Task goal ::
Give back every record exactly, with its pictures left out.

### Material for the task ###

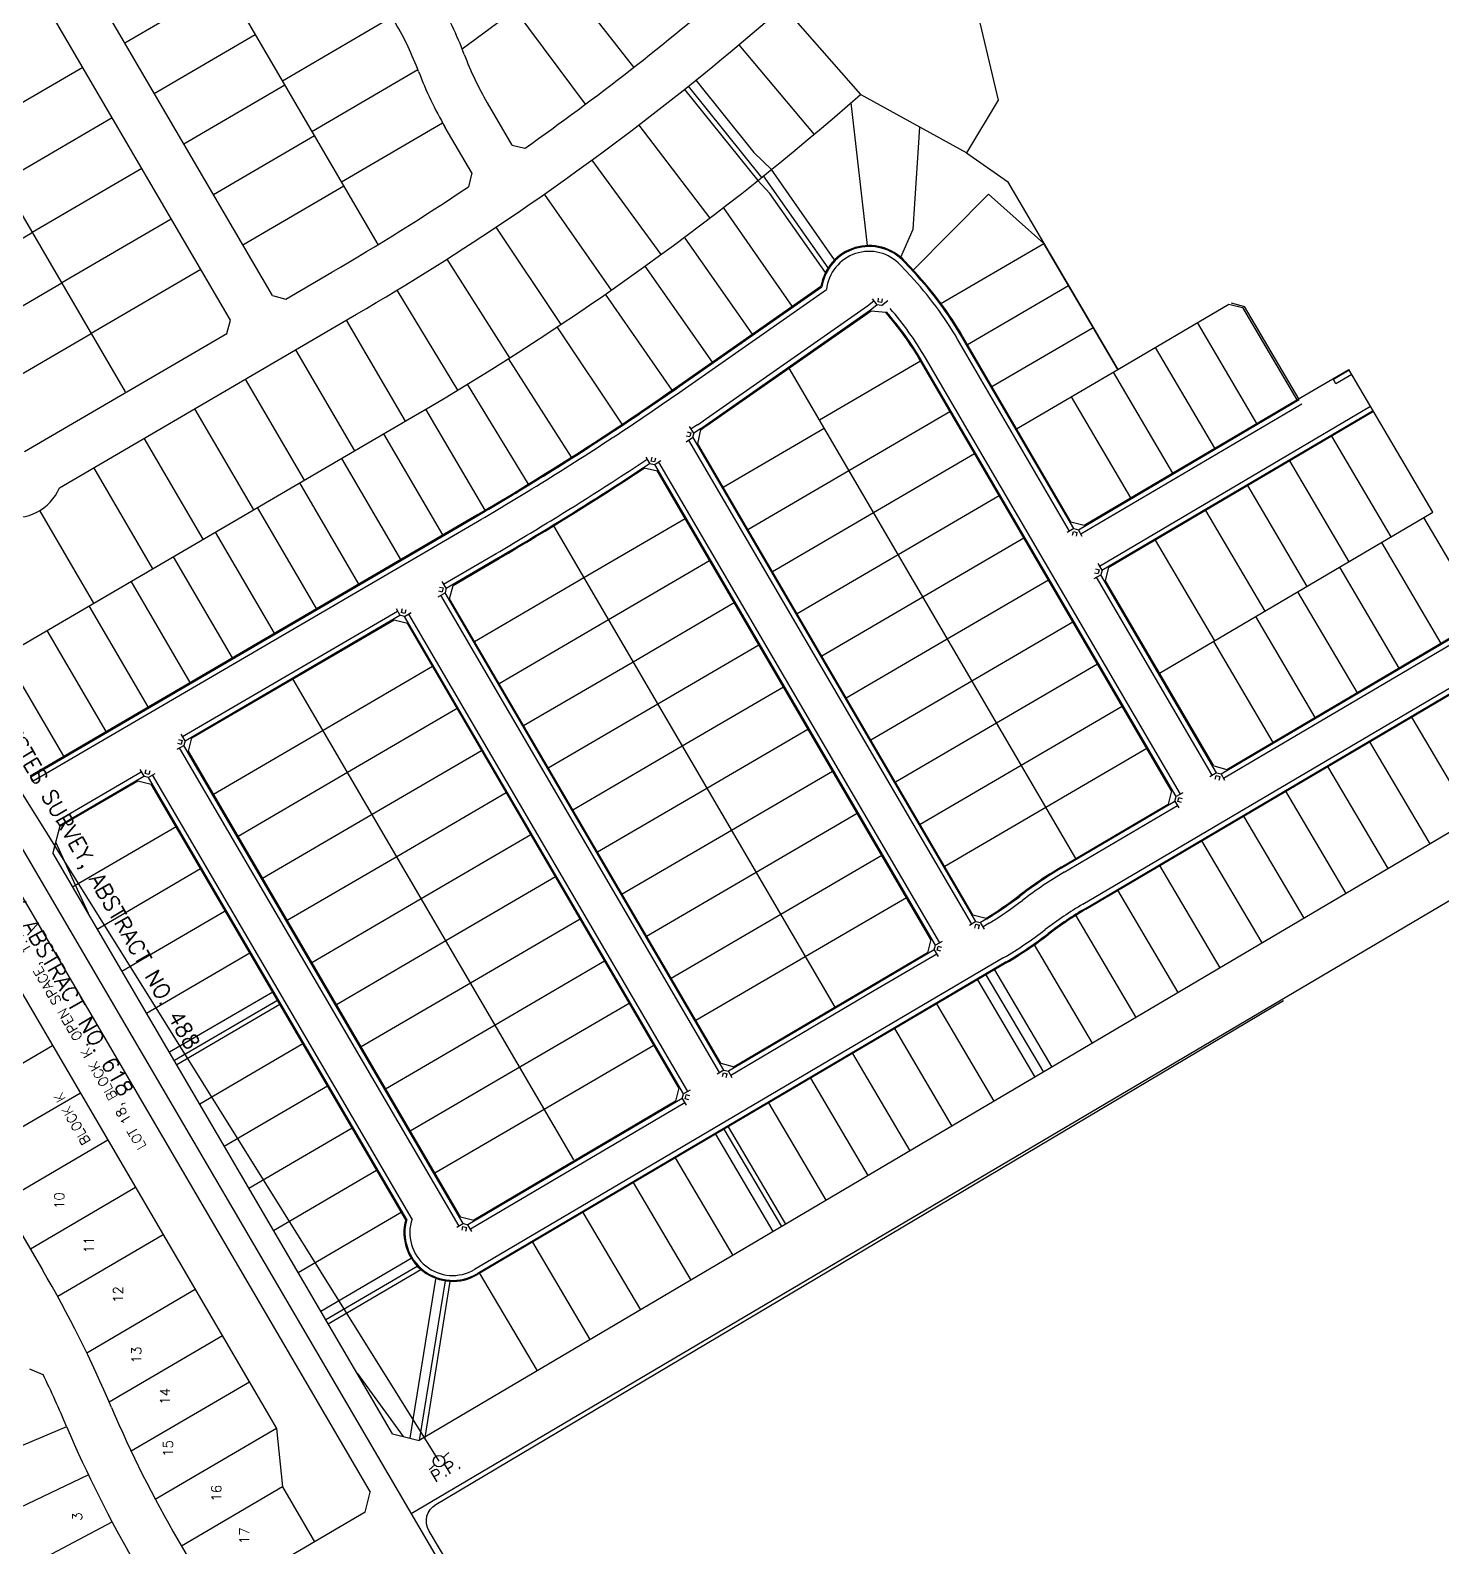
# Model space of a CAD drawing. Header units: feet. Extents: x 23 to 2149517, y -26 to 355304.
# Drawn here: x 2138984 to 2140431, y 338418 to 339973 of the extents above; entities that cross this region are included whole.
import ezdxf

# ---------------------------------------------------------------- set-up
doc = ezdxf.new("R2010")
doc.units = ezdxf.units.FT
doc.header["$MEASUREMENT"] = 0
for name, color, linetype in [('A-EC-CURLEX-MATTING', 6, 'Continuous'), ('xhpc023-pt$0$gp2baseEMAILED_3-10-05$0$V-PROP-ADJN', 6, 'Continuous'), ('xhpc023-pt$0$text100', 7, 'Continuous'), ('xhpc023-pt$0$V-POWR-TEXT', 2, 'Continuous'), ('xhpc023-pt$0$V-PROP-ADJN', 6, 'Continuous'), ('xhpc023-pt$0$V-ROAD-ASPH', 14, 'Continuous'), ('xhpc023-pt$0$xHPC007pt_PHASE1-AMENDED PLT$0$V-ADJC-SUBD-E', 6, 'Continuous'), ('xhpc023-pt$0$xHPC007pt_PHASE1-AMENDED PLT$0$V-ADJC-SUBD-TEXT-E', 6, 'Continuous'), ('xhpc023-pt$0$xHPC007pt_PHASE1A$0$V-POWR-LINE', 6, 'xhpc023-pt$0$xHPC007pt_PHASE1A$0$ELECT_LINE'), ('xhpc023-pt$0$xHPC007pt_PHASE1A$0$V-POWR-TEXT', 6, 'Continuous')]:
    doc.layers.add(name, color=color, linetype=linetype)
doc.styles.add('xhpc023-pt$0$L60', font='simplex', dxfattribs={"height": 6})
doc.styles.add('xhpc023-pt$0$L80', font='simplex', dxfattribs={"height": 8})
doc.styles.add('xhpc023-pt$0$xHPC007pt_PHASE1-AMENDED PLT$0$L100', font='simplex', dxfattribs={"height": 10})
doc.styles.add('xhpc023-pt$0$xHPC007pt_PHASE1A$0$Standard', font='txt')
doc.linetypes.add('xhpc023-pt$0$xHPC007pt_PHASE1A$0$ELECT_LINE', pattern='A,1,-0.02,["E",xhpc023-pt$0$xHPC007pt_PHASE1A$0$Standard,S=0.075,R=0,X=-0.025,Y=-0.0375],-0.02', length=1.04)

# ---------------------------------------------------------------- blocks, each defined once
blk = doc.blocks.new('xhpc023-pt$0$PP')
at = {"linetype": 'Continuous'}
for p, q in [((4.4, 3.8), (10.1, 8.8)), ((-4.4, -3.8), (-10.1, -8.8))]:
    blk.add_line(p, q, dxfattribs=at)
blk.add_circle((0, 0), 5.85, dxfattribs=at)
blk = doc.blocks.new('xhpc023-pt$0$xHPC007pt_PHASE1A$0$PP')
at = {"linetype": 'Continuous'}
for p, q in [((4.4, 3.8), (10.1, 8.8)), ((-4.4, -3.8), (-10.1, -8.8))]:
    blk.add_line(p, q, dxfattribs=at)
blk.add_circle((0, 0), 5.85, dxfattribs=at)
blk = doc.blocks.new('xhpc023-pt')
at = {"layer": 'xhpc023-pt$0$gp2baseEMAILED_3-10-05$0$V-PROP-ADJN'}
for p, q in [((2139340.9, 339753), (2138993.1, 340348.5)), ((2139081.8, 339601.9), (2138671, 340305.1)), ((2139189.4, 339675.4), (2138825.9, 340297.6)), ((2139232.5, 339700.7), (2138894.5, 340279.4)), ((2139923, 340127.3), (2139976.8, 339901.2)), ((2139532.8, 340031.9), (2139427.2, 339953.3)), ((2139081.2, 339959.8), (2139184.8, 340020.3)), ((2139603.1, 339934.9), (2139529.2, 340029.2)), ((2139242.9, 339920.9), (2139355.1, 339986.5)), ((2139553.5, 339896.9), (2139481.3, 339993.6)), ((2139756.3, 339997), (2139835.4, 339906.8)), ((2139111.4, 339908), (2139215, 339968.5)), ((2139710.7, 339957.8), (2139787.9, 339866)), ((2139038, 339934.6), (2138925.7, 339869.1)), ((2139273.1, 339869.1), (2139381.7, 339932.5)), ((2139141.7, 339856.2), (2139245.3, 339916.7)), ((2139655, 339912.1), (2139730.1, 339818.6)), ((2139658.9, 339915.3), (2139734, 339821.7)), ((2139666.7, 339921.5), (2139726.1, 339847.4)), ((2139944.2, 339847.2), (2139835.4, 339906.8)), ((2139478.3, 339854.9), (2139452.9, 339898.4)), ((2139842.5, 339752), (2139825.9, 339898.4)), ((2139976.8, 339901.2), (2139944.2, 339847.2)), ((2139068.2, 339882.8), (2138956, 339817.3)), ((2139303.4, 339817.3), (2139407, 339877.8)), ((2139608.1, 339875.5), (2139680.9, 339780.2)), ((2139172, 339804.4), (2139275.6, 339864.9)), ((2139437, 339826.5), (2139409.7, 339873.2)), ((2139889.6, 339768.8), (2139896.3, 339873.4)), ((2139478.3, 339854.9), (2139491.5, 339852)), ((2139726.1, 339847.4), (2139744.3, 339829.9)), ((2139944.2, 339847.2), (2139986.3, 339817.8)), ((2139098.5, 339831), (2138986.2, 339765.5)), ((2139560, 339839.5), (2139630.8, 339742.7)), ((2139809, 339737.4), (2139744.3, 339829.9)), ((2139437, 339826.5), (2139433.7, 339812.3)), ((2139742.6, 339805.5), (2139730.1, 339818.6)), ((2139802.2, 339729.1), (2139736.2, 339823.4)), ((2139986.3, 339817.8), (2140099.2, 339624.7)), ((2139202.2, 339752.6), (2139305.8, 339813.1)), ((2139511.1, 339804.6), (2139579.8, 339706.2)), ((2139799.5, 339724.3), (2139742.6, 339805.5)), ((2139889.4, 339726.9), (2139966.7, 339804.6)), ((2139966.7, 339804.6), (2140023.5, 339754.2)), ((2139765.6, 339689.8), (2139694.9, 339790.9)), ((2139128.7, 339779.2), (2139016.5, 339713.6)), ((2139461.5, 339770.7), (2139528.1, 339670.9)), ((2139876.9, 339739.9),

###

Result of the task ::
# Model space of a CAD drawing. Header units: feet. Extents: x 23 to 2149517, y -26 to 355304.
# Drawn here: x 2138984 to 2140431, y 338418 to 339973 of the extents above; entities that cross this region are included whole.
import ezdxf

# ---------------------------------------------------------------- set-up
doc = ezdxf.new("R2010")
doc.units = ezdxf.units.FT
doc.header["$MEASUREMENT"] = 0
for name, color, linetype in [('A-EC-CURLEX-MATTING', 6, 'Continuous'), ('xhpc023-pt$0$gp2baseEMAILED_3-10-05$0$V-PROP-ADJN', 6, 'Continuous'), ('xhpc023-pt$0$text100', 7, 'Continuous'), ('xhpc023-pt$0$V-POWR-TEXT', 2, 'Continuous'), ('xhpc023-pt$0$V-PROP-ADJN', 6, 'Continuous'), ('xhpc023-pt$0$V-ROAD-ASPH', 14, 'Continuous'), ('xhpc023-pt$0$xHPC007pt_PHASE1-AMENDED PLT$0$V-ADJC-SUBD-E', 6, 'Continuous'), ('xhpc023-pt$0$xHPC007pt_PHASE1-AMENDED PLT$0$V-ADJC-SUBD-TEXT-E', 6, 'Continuous'), ('xhpc023-pt$0$xHPC007pt_PHASE1A$0$V-POWR-LINE', 6, 'xhpc023-pt$0$xHPC007pt_PHASE1A$0$ELECT_LINE'), ('xhpc023-pt$0$xHPC007pt_PHASE1A$0$V-POWR-TEXT', 6, 'Continuous')]:
    doc.layers.add(name, color=color, linetype=linetype)
doc.styles.add('xhpc023-pt$0$L60', font='simplex', dxfattribs={"height": 6})
doc.styles.add('xhpc023-pt$0$L80', font='simplex', dxfattribs={"height": 8})
doc.styles.add('xhpc023-pt$0$xHPC007pt_PHASE1-AMENDED PLT$0$L100', font='simplex', dxfattribs={"height": 10})
doc.styles.add('xhpc023-pt$0$xHPC007pt_PHASE1A$0$Standard', font='txt')
doc.linetypes.add('xhpc023-pt$0$xHPC007pt_PHASE1A$0$ELECT_LINE', pattern='A,1,-0.02,["E",xhpc023-pt$0$xHPC007pt_PHASE1A$0$Standard,S=0.075,R=0,X=-0.025,Y=-0.0375],-0.02', length=1.04)

# ---------------------------------------------------------------- blocks, each defined once
blk = doc.blocks.new('xhpc023-pt$0$PP')
at = {"linetype": 'Continuous'}
for p, q in [((4.4, 3.8), (10.1, 8.8)), ((-4.4, -3.8), (-10.1, -8.8))]:
    blk.add_line(p, q, dxfattribs=at)
blk.add_circle((0, 0), 5.85, dxfattribs=at)
blk = doc.blocks.new('xhpc023-pt$0$xHPC007pt_PHASE1A$0$PP')
at = {"linetype": 'Continuous'}
for p, q in [((4.4, 3.8), (10.1, 8.8)), ((-4.4, -3.8), (-10.1, -8.8))]:
    blk.add_line(p, q, dxfattribs=at)
blk.add_circle((0, 0), 5.85, dxfattribs=at)
blk = doc.blocks.new('xhpc023-pt')
at = {"layer": 'xhpc023-pt$0$gp2baseEMAILED_3-10-05$0$V-PROP-ADJN'}
for p, q in [((2139340.9, 339753), (2138993.1, 340348.5)), ((2139081.8, 339601.9), (2138671, 340305.1)), ((2139189.4, 339675.4), (2138825.9, 340297.6)), ((2139232.5, 339700.7), (2138894.5, 340279.4)), ((2139923, 340127.3), (2139976.8, 339901.2)), ((2139532.8, 340031.9), (2139427.2, 339953.3)), ((2139081.2, 339959.8), (2139184.8, 340020.3)), ((2139603.1, 339934.9), (2139529.2, 340029.2)), ((2139242.9, 339920.9), (2139355.1, 339986.5)), ((2139553.5, 339896.9), (2139481.3, 339993.6)), ((2139756.3, 339997), (2139835.4, 339906.8)), ((2139111.4, 339908), (2139215, 339968.5)), ((2139710.7, 339957.8), (2139787.9, 339866)), ((2139038, 339934.6), (2138925.7, 339869.1)), ((2139273.1, 339869.1), (2139381.7, 339932.5)), ((2139141.7, 339856.2), (2139245.3, 339916.7)), ((2139655, 339912.1), (2139730.1, 339818.6)), ((2139658.9, 339915.3), (2139734, 339821.7)), ((2139666.7, 339921.5), (2139726.1, 339847.4)), ((2139944.2, 339847.2), (2139835.4, 339906.8)), ((2139478.3, 339854.9), (2139452.9, 339898.4)), ((2139842.5, 339752), (2139825.9, 339898.4)), ((2139976.8, 339901.2), (2139944.2, 339847.2)), ((2139068.2, 339882.8), (2138956, 339817.3)), ((2139303.4, 339817.3), (2139407, 339877.8)), ((2139608.1, 339875.5), (2139680.9, 339780.2)), ((2139172, 339804.4), (2139275.6, 339864.9)), ((2139437, 339826.5), (2139409.7, 339873.2)), ((2139889.6, 339768.8), (2139896.3, 339873.4)), ((2139478.3, 339854.9), (2139491.5, 339852)), ((2139726.1, 339847.4), (2139744.3, 339829.9)), ((2139944.2, 339847.2), (2139986.3, 339817.8)), ((2139098.5, 339831), (2138986.2, 339765.5)), ((2139560, 339839.5), (2139630.8, 339742.7)), ((2139809, 339737.4), (2139744.3, 339829.9)), ((2139437, 339826.5), (2139433.7, 339812.3)), ((2139742.6, 339805.5), (2139730.1, 339818.6)), ((2139802.2, 339729.1), (2139736.2, 339823.4)), ((2139986.3, 339817.8), (2140099.2, 339624.7)), ((2139202.2, 339752.6), (2139305.8, 339813.1)), ((2139511.1, 339804.6), (2139579.8, 339706.2)), ((2139799.5, 339724.3), (2139742.6, 339805.5)), ((2139889.4, 339726.9), (2139966.7, 339804.6)), ((2139966.7, 339804.6), (2140023.5, 339754.2)), ((2139765.6, 339689.8), (2139694.9, 339790.9)), ((2139128.7, 339779.2), (2139016.5, 339713.6)), ((2139461.5, 339770.7), (2139528.1, 339670.9)), ((2139876.9, 339739.9),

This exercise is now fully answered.